FOLKUP DEVELOPMENT INC.
NOTES TO CONSOLIDATED FINANCIAL STATEMENTS
FOR THE YEARS ENDED DECEMBER 31, 2020 AND 2019
(Currency expressed in United States Dollars (“US$”), except for number of shares)
The Company calculates net loss per share in accordance with ASC Topic 260, “Earnings per Share.” Basic income per share is computed by dividing the net loss by the weighted-average number of common shares outstanding during the year.
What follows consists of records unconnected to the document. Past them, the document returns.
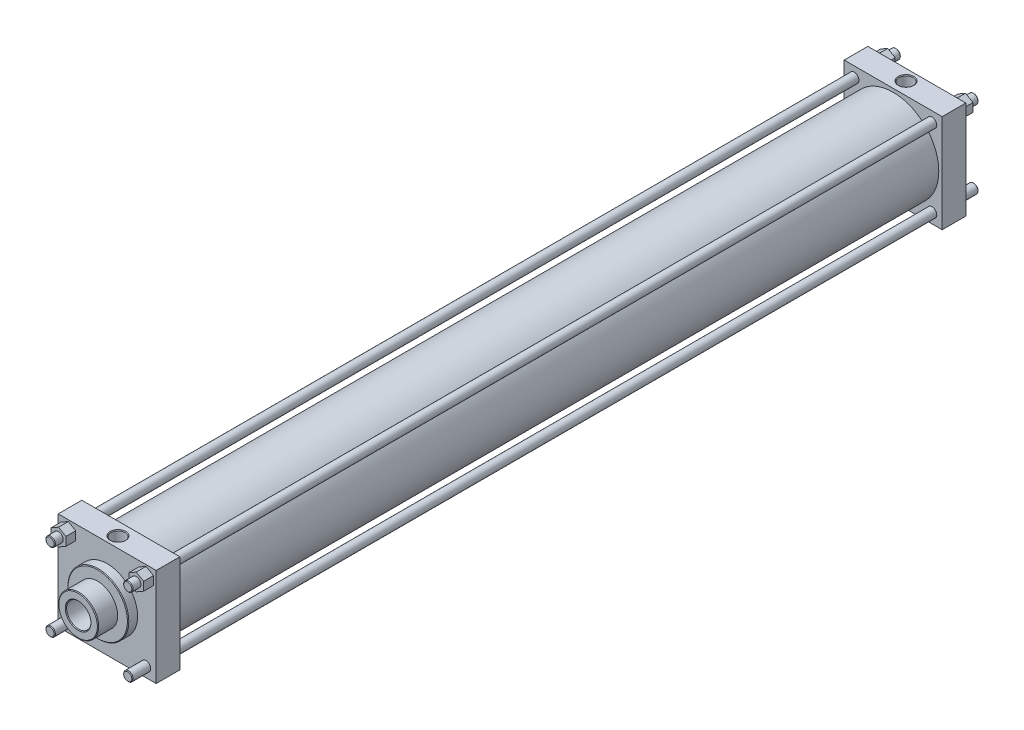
ISO-10303-21;
HEADER;
FILE_DESCRIPTION(('STEP AP214'),'2;1');
FILE_NAME('part.step','',(''),(''),'','','');
FILE_SCHEMA(('AUTOMOTIVE_DESIGN { 1 0 10303 214 1 1 1 1 }'));
ENDSEC;
DATA;
#1=APPLICATION_CONTEXT('core data for automotive mechanical design processes');
#2=APPLICATION_PROTOCOL_DEFINITION('international standard','automotive_design',2000,#1);
#3=PRODUCT_CONTEXT('',#1,'mechanical');
#4=PRODUCT('Part','Part','',(#3));
#5=PRODUCT_RELATED_PRODUCT_CATEGORY('part','',(#4));
#6=PRODUCT_DEFINITION_FORMATION('','',#4);
#7=PRODUCT_DEFINITION_CONTEXT('part definition',#1,'design');
#8=PRODUCT_DEFINITION('design','',#6,#7);
#9=PRODUCT_DEFINITION_SHAPE('','',#8);
#10=(LENGTH_UNIT() NAMED_UNIT(*) SI_UNIT(.MILLI.,.METRE.));
#11=(NAMED_UNIT(*) PLANE_ANGLE_UNIT() SI_UNIT($,.RADIAN.));
#12=(NAMED_UNIT(*) SI_UNIT($,.STERADIAN.) SOLID_ANGLE_UNIT());
#13=UNCERTAINTY_MEASURE_WITH_UNIT(LENGTH_MEASURE(1.E-05),#10,'distance_accuracy_value','');
#14=(GEOMETRIC_REPRESENTATION_CONTEXT(3) GLOBAL_UNCERTAINTY_ASSIGNED_CONTEXT((#13)) GLOBAL_UNIT_ASSIGNED_CONTEXT((#10,
#11,#12)) REPRESENTATION_CONTEXT('',''));
#15=CARTESIAN_POINT('',(0.,0.,0.));
#16=DIRECTION('',(0.,0.,1.));
#17=DIRECTION('',(1.,0.,0.));
#18=AXIS2_PLACEMENT_3D('',#15,#16,#17);
#19=CARTESIAN_POINT('',(0.,0.,-599.));
#20=DIRECTION('',(0.,0.,1.));
#21=DIRECTION('',(1.,0.,0.));
#22=AXIS2_PLACEMENT_3D('',#19,#20,#21);
#23=PLANE('',#22);
#24=DIRECTION('',(0.,1.,0.));
#25=VECTOR('',#24,1.);
#26=CARTESIAN_POINT('',(46.5,51.1491470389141,-599.));
#27=LINE('',#26,#25);
#28=CARTESIAN_POINT('',(46.5,51.1491470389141,-599.));
#29=VERTEX_POINT('',#28);
#30=CARTESIAN_POINT('',(46.5,63.8508529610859,-599.));
#31=VERTEX_POINT('',#30);
#32=EDGE_CURVE('E272',#29,#31,#27,.T.);
#33=ORIENTED_EDGE('',*,*,#32,.F.);
#34=DIRECTION('',(-0.86602540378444,0.499999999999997,0.));
#35=VECTOR('',#34,1.);
#36=CARTESIAN_POINT('',(57.5,44.7982940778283,-599.));
#37=LINE('',#36,#35);
#38=CARTESIAN_POINT('',(57.5,44.7982940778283,-599.));
#39=VERTEX_POINT('',#38);
#40=EDGE_CURVE('E281',#39,#29,#37,.T.);
#41=ORIENTED_EDGE('',*,*,#40,.F.);
#42=DIRECTION('',(-0.866025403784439,-0.5,0.));
#43=VECTOR('',#42,1.);
#44=CARTESIAN_POINT('',(68.5,51.1491470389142,-599.));
#45=LINE('',#44,#43);
#46=CARTESIAN_POINT('',(68.5,51.1491470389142,-599.));
#47=VERTEX_POINT('',#46);
#48=EDGE_CURVE('E303',#47,#39,#45,.T.);
#49=ORIENTED_EDGE('',*,*,#48,.F.);
#50=DIRECTION('',(0.,-1.,0.));
#51=VECTOR('',#50,1.);
#52=CARTESIAN_POINT('',(68.5,63.8508529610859,-599.));
#53=LINE('',#52,#51);
#54=CARTESIAN_POINT('',(68.5,63.8508529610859,-599.));
#55=VERTEX_POINT('',#54);
#56=EDGE_CURVE('E300',#55,#47,#53,.T.);
#57=ORIENTED_EDGE('',*,*,#56,.F.);
#58=DIRECTION('',(0.866025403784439,-0.5,0.));
#59=VECTOR('',#58,1.);
#60=CARTESIAN_POINT('',(57.5,70.2017059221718,-599.));
#61=LINE('',#60,#59);
#62=CARTESIAN_POINT('',(57.5,70.2017059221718,-599.));
#63=VERTEX_POINT('',#62);
#64=EDGE_CURVE('E297',#63,#55,#61,.T.);
#65=ORIENTED_EDGE('',*,*,#64,.F.);
#66=DIRECTION('',(0.866025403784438,0.500000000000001,0.));
#67=VECTOR('',#66,1.);
#68=CARTESIAN_POINT('',(46.5,63.8508529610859,-599.));
#69=LINE('',#68,#67);
#70=EDGE_CURVE('E294',#31,#63,#69,.T.);
#71=ORIENTED_EDGE('',*,*,#70,.F.);
#72=EDGE_LOOP('',(#33,#41,#49,#57,#65,#71));
#73=FACE_BOUND('',#72,.T.);
#74=CARTESIAN_POINT('',(-57.5,-57.5,-599.));
#75=DIRECTION('',(0.,0.,1.));
#76=DIRECTION('',(1.,0.,0.));
#77=AXIS2_PLACEMENT_3D('',#74,#75,#76);
#78=CIRCLE('',#77,7.);
#79=CARTESIAN_POINT('',(-50.5,-57.5,-599.));
#80=VERTEX_POINT('',#79);
#81=EDGE_CURVE('E530',#80,#80,#78,.F.);
#82=ORIENTED_EDGE('',*,*,#81,.F.);
#83=EDGE_LOOP('',(#82));
#84=FACE_BOUND('',#83,.T.);
#85=DIRECTION('',(0.,1.,0.));
#86=VECTOR('',#85,1.);
#87=CARTESIAN_POINT('',(72.5,72.5,-599.));
#88=LINE('',#87,#86);
#89=CARTESIAN_POINT('',(72.5,-72.5,-599.));
#90=VERTEX_POINT('',#89);
#91=CARTESIAN_POINT('',(72.5,72.5,-599.));
#92=VERTEX_POINT('',#91);
#93=EDGE_CURVE('E462',#90,#92,#88,.T.);
#94=ORIENTED_EDGE('',*,*,#93,.F.);
#95=DIRECTION('',(1.,0.,0.));
#96=VECTOR('',#95,1.);
#97=CARTESIAN_POINT('',(-72.5,-72.5,-599.));
#98=LINE('',#97,#96);
#99=CARTESIAN_POINT('',(-72.5,-72.5,-599.));
#100=VERTEX_POINT('',#99);
#101=EDGE_CURVE('E485',#100,#90,#98,.T.);
#102=ORIENTED_EDGE('',*,*,#101,.F.);
#103=DIRECTION('',(0.,1.,0.));
#104=VECTOR('',#103,1.);
#105=CARTESIAN_POINT('',(-72.5,72.5,-599.));
#106=LINE('',#105,#104);
#107=CARTESIAN_POINT('',(-72.5,72.5,-599.));
#108=VERTEX_POINT('',#107);
#109=EDGE_CURVE('E468',#100,#108,#106,.T.);
#110=ORIENTED_EDGE('',*,*,#109,.T.);
#111=DIRECTION('',(1.,0.,0.));
#112=VECTOR('',#111,1.);
#113=CARTESIAN_POINT('',(-72.5,72.5,-599.));
#114=LINE('',#113,#112);
#115=EDGE_CURVE('E482',#108,#92,#114,.T.);
#116=ORIENTED_EDGE('',*,*,#115,.T.);
#117=EDGE_LOOP('',(#94,#102,#110,#116));
#118=FACE_BOUND('',#117,.T.);
#119=CARTESIAN_POINT('',(57.5,-57.5,-599.));
#120=DIRECTION('',(0.,0.,1.));
#121=DIRECTION('',(1.,0.,0.));
#122=AXIS2_PLACEMENT_3D('',#119,#120,#121);
#123=CIRCLE('',#122,7.);
#124=CARTESIAN_POINT('',(64.5,-57.5,-599.));
#125=VERTEX_POINT('',#124);
#126=EDGE_CURVE('E533',#125,#125,#123,.F.);
#127=ORIENTED_EDGE('',*,*,#126,.F.);
#128=EDGE_LOOP('',(#127));
#129=FACE_BOUND('',#128,.T.);
#130=DIRECTION('',(0.,1.,0.));
#131=VECTOR('',#130,1.);
#132=CARTESIAN_POINT('',(-68.5000000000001,51.1491470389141,-599.));
#133=LINE('',#132,#131);
#134=CARTESIAN_POINT('',(-68.5000000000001,51.1491470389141,-599.));
#135=VERTEX_POINT('',#134);
#136=CARTESIAN_POINT('',(-68.5000000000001,63.8508529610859,-599.));
#137=VERTEX_POINT('',#136);
#138=EDGE_CURVE('E269',#135,#137,#133,.T.);
#139=ORIENTED_EDGE('',*,*,#138,.F.);
#140=DIRECTION('',(-0.866025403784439,0.5,0.));
#141=VECTOR('',#140,1.);
#142=CARTESIAN_POINT('',(-57.5,44.7982940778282,-599.));
#143=LINE('',#142,#141);
#144=CARTESIAN_POINT('',(-57.5,44.7982940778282,-599.));
#145=VERTEX_POINT('',#144);
#146=EDGE_CURVE('E266',#145,#135,#143,.T.);
#147=ORIENTED_EDGE('',*,*,#146,.F.);
#148=DIRECTION('',(-0.866025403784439,-0.499999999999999,0.));
#149=VECTOR('',#148,1.);
#150=CARTESIAN_POINT('',(-46.5,51.1491470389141,-599.));
#151=LINE('',#150,#149);
#152=CARTESIAN_POINT('',(-46.5,51.1491470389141,-599.));
#153=VERTEX_POINT('',#152);
#154=EDGE_CURVE('E1559',#153,#145,#151,.T.);
#155=ORIENTED_EDGE('',*,*,#154,.F.);
#156=DIRECTION('',(0.,-1.,0.));
#157=VECTOR('',#156,1.);
#158=CARTESIAN_POINT('',(-46.5,63.8508529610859,-599.));
#159=LINE('',#158,#157);
#160=CARTESIAN_POINT('',(-46.5,63.8508529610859,-599.));
#161=VERTEX_POINT('',#160);
#162=EDGE_CURVE('E1574',#161,#153,#159,.T.);
#163=ORIENTED_EDGE('',*,*,#162,.F.);
#164=DIRECTION('',(0.866025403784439,-0.499999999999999,0.));
#165=VECTOR('',#164,1.);
#166=CARTESIAN_POINT('',(-57.5,70.2017059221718,-599.));
#167=LINE('',#166,#165);
#168=CARTESIAN_POINT('',(-57.5,70.2017059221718,-599.));
#169=VERTEX_POINT('',#168);
#170=EDGE_CURVE('E59',#169,#161,#167,.T.);
#171=ORIENTED_EDGE('',*,*,#170,.F.);
#172=DIRECTION('',(0.866025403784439,0.499999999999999,0.));
#173=VECTOR('',#172,1.);
#174=CARTESIAN_POINT('',(-68.5000000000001,63.8508529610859,-599.));
#175=LINE('',#174,#173);
#176=EDGE_CURVE('E54',#137,#169,#175,.T.);
#177=ORIENTED_EDGE('',*,*,#176,.F.);
#178=EDGE_LOOP('',(#139,#147,#155,#163,#171,#177));
#179=FACE_BOUND('',#178,.T.);
#180=ADVANCED_FACE('F38',(#73,#84,#118,#129,#179),#23,.F.);
#181=CARTESIAN_POINT('',(0.,0.,599.));
#182=DIRECTION('',(0.,0.,1.));
#183=DIRECTION('',(1.,0.,0.));
#184=AXIS2_PLACEMENT_3D('',#181,#182,#183);
#185=PLANE('',#184);
#186=DIRECTION('',(-0.866025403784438,-0.500000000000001,0.));
#187=VECTOR('',#186,1.);
#188=CARTESIAN_POINT('',(-57.5,70.2017059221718,599.));
#189=LINE('',#188,#187);
#190=CARTESIAN_POINT('',(-57.5,70.2017059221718,599.));
#191=VERTEX_POINT('',#190);
#192=CARTESIAN_POINT('',(-68.5,63.8508529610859,599.));
#193=VERTEX_POINT('',#192);
#194=EDGE_CURVE('E387',#191,#193,#189,.T.);
#195=ORIENTED_EDGE('',*,*,#194,.F.);
#196=DIRECTION('',(-0.866025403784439,0.5,0.));
#197=VECTOR('',#196,1.);
#198=CARTESIAN_POINT('',(-46.5,63.8508529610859,599.));
#199=LINE('',#198,#197);
#200=CARTESIAN_POINT('',(-46.5,63.8508529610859,599.));
#201=VERTEX_POINT('',#200);
#202=EDGE_CURVE('E384',#201,#191,#199,.T.);
#203=ORIENTED_EDGE('',*,*,#202,.F.);
#204=DIRECTION('',(0.,1.,0.));
#205=VECTOR('',#204,1.);
#206=CARTESIAN_POINT('',(-46.5,51.1491470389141,599.));
#207=LINE('',#206,#205);
#208=CARTESIAN_POINT('',(-46.5,51.1491470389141,599.));
#209=VERTEX_POINT('',#208);
#210=EDGE_CURVE('E373',#209,#201,#207,.T.);
#211=ORIENTED_EDGE('',*,*,#210,.F.);
#212=DIRECTION('',(0.866025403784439,0.5,0.));
#213=VECTOR('',#212,1.);
#214=CARTESIAN_POINT('',(-57.5,44.7982940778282,599.));
#215=LINE('',#214,#213);
#216=CARTESIAN_POINT('',(-57.5,44.7982940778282,599.));
#217=VERTEX_POINT('',#216);
#218=EDGE_CURVE('E393',#217,#209,#215,.T.);
#219=ORIENTED_EDGE('',*,*,#218,.F.);
#220=DIRECTION('',(0.866025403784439,-0.5,0.));
#221=VECTOR('',#220,1.);
#222=CARTESIAN_POINT('',(-68.5,51.1491470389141,599.));
#223=LINE('',#222,#221);
#224=CARTESIAN_POINT('',(-68.5,51.1491470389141,599.));
#225=VERTEX_POINT('',#224);
#226=EDGE_CURVE('E391',#225,#217,#223,.T.);
#227=ORIENTED_EDGE('',*,*,#226,.F.);
#228=DIRECTION('',(0.,-1.,0.));
#229=VECTOR('',#228,1.);
#230=CARTESIAN_POINT('',(-68.5,63.8508529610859,599.));
#231=LINE('',#230,#229);
#232=EDGE_CURVE('E389',#193,#225,#231,.T.);
#233=ORIENTED_EDGE('',*,*,#232,.F.);
#234=EDGE_LOOP('',(#195,#203,#211,#219,#227,#233));
#235=FACE_BOUND('',#234,.T.);
#236=CARTESIAN_POINT('',(-57.5,-57.5,599.));
#237=DIRECTION('',(0.,0.,1.));
#238=DIRECTION('',(1.,0.,0.));
#239=AXIS2_PLACEMENT_3D('',#236,#237,#238);
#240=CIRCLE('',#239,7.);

Diluted loss per share is computed similar to basic loss per share except that the denominator is increased to include the number of additional common shares that would have been outstanding if the potential common stock equivalents had been issued and if the additional common shares were dilutive.
The Company follows the ASC 850-10, Related Party for the identification of related parties and disclosure of related party transactions.
Pursuant to section 850-10-20 the related parties include a) affiliates of the Company; b) entities for which investments in their equity securities would be required, absent the election of the fair value option under the Fair Value Option Subsection of section 825–10–15, to be accounted for by the equity method by the investing entity; c) trusts for the benefit of employees, such as pension and Income-sharing trusts that are managed by or under the trusteeship of management; d) principal owners of the Company; e) management of the Company; f) other parties with which the Company may deal if one party controls or can significantly influence the management or operating policies of the other to an extent that one of the transacting parties might be prevented from fully pursuing its own separate interests; and g) other parties that can significantly influence the management or operating policies of the transacting parties or that have an ownership interest in one of the transacting parties and can significantly influence the other to an extent that one or more of the transacting parties might be prevented from fully pursuing its own separate interests.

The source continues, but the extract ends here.